▸ Problem requirements
Go to the line holding "For Iterator : ForIterator" in the entries below and write out exactly every line down to and including the line holding "atTarget : DataStoreRead".

-------

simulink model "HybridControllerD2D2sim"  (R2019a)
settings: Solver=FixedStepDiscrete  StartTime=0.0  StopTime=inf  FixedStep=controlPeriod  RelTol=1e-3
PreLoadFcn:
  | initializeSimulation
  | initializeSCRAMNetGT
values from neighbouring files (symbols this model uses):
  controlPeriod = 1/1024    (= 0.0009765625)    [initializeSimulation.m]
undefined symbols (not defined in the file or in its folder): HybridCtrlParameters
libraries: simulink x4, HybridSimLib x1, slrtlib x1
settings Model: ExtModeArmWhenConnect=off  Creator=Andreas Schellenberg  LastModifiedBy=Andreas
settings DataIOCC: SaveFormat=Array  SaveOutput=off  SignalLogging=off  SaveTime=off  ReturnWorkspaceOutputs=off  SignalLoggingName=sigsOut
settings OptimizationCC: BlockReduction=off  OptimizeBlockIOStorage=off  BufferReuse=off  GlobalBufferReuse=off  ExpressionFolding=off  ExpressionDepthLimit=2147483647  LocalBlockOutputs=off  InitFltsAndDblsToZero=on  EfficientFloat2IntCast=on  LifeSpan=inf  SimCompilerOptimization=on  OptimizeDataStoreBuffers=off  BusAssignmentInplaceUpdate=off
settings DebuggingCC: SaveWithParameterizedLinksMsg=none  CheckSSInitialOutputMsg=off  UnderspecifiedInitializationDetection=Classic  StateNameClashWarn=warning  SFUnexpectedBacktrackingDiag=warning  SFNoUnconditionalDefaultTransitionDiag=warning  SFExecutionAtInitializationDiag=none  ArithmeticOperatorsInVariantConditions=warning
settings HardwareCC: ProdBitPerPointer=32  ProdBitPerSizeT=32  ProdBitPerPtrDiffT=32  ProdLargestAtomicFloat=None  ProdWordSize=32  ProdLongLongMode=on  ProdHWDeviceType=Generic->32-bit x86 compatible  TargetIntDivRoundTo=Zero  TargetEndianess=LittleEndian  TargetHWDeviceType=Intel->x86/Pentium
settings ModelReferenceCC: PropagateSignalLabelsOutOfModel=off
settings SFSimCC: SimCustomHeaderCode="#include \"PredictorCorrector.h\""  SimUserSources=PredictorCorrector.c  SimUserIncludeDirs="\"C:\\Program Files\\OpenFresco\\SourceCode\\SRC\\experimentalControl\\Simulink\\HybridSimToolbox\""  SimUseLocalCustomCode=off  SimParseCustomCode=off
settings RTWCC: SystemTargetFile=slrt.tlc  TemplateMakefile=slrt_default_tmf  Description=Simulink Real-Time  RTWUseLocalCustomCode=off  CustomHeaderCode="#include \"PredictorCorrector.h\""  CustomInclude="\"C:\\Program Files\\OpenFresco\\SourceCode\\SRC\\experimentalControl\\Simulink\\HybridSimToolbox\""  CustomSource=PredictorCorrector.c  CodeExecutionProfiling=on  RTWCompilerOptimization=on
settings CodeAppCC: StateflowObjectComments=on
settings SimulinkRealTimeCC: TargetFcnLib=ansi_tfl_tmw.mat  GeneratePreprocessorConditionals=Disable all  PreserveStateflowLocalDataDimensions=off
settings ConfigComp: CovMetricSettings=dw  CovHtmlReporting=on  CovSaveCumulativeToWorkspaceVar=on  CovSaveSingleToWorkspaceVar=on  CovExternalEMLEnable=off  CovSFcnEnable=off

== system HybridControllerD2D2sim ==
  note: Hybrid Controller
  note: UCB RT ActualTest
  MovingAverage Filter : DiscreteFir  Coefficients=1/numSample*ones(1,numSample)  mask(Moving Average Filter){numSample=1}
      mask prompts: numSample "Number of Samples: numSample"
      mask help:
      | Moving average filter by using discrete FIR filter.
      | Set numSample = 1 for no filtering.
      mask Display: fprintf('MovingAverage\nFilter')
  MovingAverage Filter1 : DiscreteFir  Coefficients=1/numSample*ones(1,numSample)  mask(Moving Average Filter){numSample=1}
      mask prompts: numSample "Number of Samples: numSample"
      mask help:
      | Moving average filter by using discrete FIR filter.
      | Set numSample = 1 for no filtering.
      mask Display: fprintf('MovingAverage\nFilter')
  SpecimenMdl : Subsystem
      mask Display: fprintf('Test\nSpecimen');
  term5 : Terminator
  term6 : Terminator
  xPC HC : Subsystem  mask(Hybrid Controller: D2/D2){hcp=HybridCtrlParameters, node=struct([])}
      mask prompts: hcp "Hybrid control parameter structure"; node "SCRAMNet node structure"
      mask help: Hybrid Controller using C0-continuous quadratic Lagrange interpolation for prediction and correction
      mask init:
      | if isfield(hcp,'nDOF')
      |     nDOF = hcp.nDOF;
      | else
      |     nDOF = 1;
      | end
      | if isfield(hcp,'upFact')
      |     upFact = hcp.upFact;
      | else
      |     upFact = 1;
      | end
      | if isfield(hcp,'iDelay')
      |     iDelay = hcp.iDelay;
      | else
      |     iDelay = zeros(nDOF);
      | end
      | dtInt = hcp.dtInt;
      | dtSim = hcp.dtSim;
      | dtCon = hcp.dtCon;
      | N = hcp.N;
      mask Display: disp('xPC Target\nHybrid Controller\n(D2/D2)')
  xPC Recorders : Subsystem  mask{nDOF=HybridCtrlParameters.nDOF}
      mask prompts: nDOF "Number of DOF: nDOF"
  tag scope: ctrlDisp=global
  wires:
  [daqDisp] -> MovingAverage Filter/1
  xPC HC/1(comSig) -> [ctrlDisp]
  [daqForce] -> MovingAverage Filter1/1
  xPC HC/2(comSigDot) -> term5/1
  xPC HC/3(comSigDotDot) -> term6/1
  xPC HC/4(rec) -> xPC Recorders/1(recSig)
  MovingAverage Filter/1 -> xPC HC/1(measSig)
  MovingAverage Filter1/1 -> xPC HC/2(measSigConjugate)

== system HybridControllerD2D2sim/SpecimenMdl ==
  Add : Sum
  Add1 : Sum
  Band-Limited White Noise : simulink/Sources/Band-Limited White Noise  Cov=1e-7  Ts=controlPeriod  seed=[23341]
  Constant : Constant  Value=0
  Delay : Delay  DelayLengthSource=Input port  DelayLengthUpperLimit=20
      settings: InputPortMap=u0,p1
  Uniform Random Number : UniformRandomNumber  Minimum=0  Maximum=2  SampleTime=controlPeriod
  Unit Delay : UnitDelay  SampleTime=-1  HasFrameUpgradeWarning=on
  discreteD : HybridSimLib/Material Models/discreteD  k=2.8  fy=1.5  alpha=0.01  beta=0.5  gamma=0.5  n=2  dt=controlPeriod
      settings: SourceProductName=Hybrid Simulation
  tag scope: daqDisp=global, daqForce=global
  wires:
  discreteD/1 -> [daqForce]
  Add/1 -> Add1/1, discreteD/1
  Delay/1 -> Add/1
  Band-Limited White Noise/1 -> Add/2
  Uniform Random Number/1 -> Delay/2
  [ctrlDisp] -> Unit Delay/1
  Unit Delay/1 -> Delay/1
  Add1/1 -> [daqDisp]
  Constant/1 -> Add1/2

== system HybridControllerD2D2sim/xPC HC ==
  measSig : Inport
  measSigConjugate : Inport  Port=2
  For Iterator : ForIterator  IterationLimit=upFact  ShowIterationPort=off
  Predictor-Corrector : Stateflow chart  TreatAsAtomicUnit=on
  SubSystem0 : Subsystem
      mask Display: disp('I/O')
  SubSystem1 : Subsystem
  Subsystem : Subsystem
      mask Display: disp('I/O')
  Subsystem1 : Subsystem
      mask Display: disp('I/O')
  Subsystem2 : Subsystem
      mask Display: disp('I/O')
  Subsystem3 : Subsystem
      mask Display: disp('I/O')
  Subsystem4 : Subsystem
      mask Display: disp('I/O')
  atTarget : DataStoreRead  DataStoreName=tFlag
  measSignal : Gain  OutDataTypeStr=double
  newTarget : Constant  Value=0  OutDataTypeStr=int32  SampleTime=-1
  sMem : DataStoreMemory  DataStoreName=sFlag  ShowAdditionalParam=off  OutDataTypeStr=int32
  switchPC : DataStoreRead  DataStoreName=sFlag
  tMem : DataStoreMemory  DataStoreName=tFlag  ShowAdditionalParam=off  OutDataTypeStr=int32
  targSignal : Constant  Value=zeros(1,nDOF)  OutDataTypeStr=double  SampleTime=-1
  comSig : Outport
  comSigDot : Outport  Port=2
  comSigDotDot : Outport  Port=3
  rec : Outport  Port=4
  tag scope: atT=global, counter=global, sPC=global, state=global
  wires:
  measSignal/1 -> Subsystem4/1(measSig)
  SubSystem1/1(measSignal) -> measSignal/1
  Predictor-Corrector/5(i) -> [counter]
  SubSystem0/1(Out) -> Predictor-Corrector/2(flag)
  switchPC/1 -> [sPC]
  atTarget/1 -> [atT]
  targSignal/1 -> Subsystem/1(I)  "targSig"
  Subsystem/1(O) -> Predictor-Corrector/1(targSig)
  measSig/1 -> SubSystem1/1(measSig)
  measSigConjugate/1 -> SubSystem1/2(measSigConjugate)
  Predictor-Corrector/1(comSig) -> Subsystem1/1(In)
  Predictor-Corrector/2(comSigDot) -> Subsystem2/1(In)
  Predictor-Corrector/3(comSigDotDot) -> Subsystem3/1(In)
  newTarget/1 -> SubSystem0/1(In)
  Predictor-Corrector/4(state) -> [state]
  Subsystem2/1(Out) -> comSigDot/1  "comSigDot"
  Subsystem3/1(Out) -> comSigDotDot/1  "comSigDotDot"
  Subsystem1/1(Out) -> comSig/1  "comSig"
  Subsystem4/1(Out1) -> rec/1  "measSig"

-------

▸ Task solution
  For Iterator : ForIterator  IterationLimit=upFact  ShowIterationPort=off
  Predictor-Corrector : Stateflow chart  TreatAsAtomicUnit=on
  SubSystem0 : Subsystem
      mask Display: disp('I/O')
  SubSystem1 : Subsystem
  Subsystem : Subsystem
      mask Display: disp('I/O')
  Subsystem1 : Subsystem
      mask Display: disp('I/O')
  Subsystem2 : Subsystem
      mask Display: disp('I/O')
  Subsystem3 : Subsystem
      mask Display: disp('I/O')
  Subsystem4 : Subsystem
      mask Display: disp('I/O')
  atTarget : DataStoreRead  DataStoreName=tFlag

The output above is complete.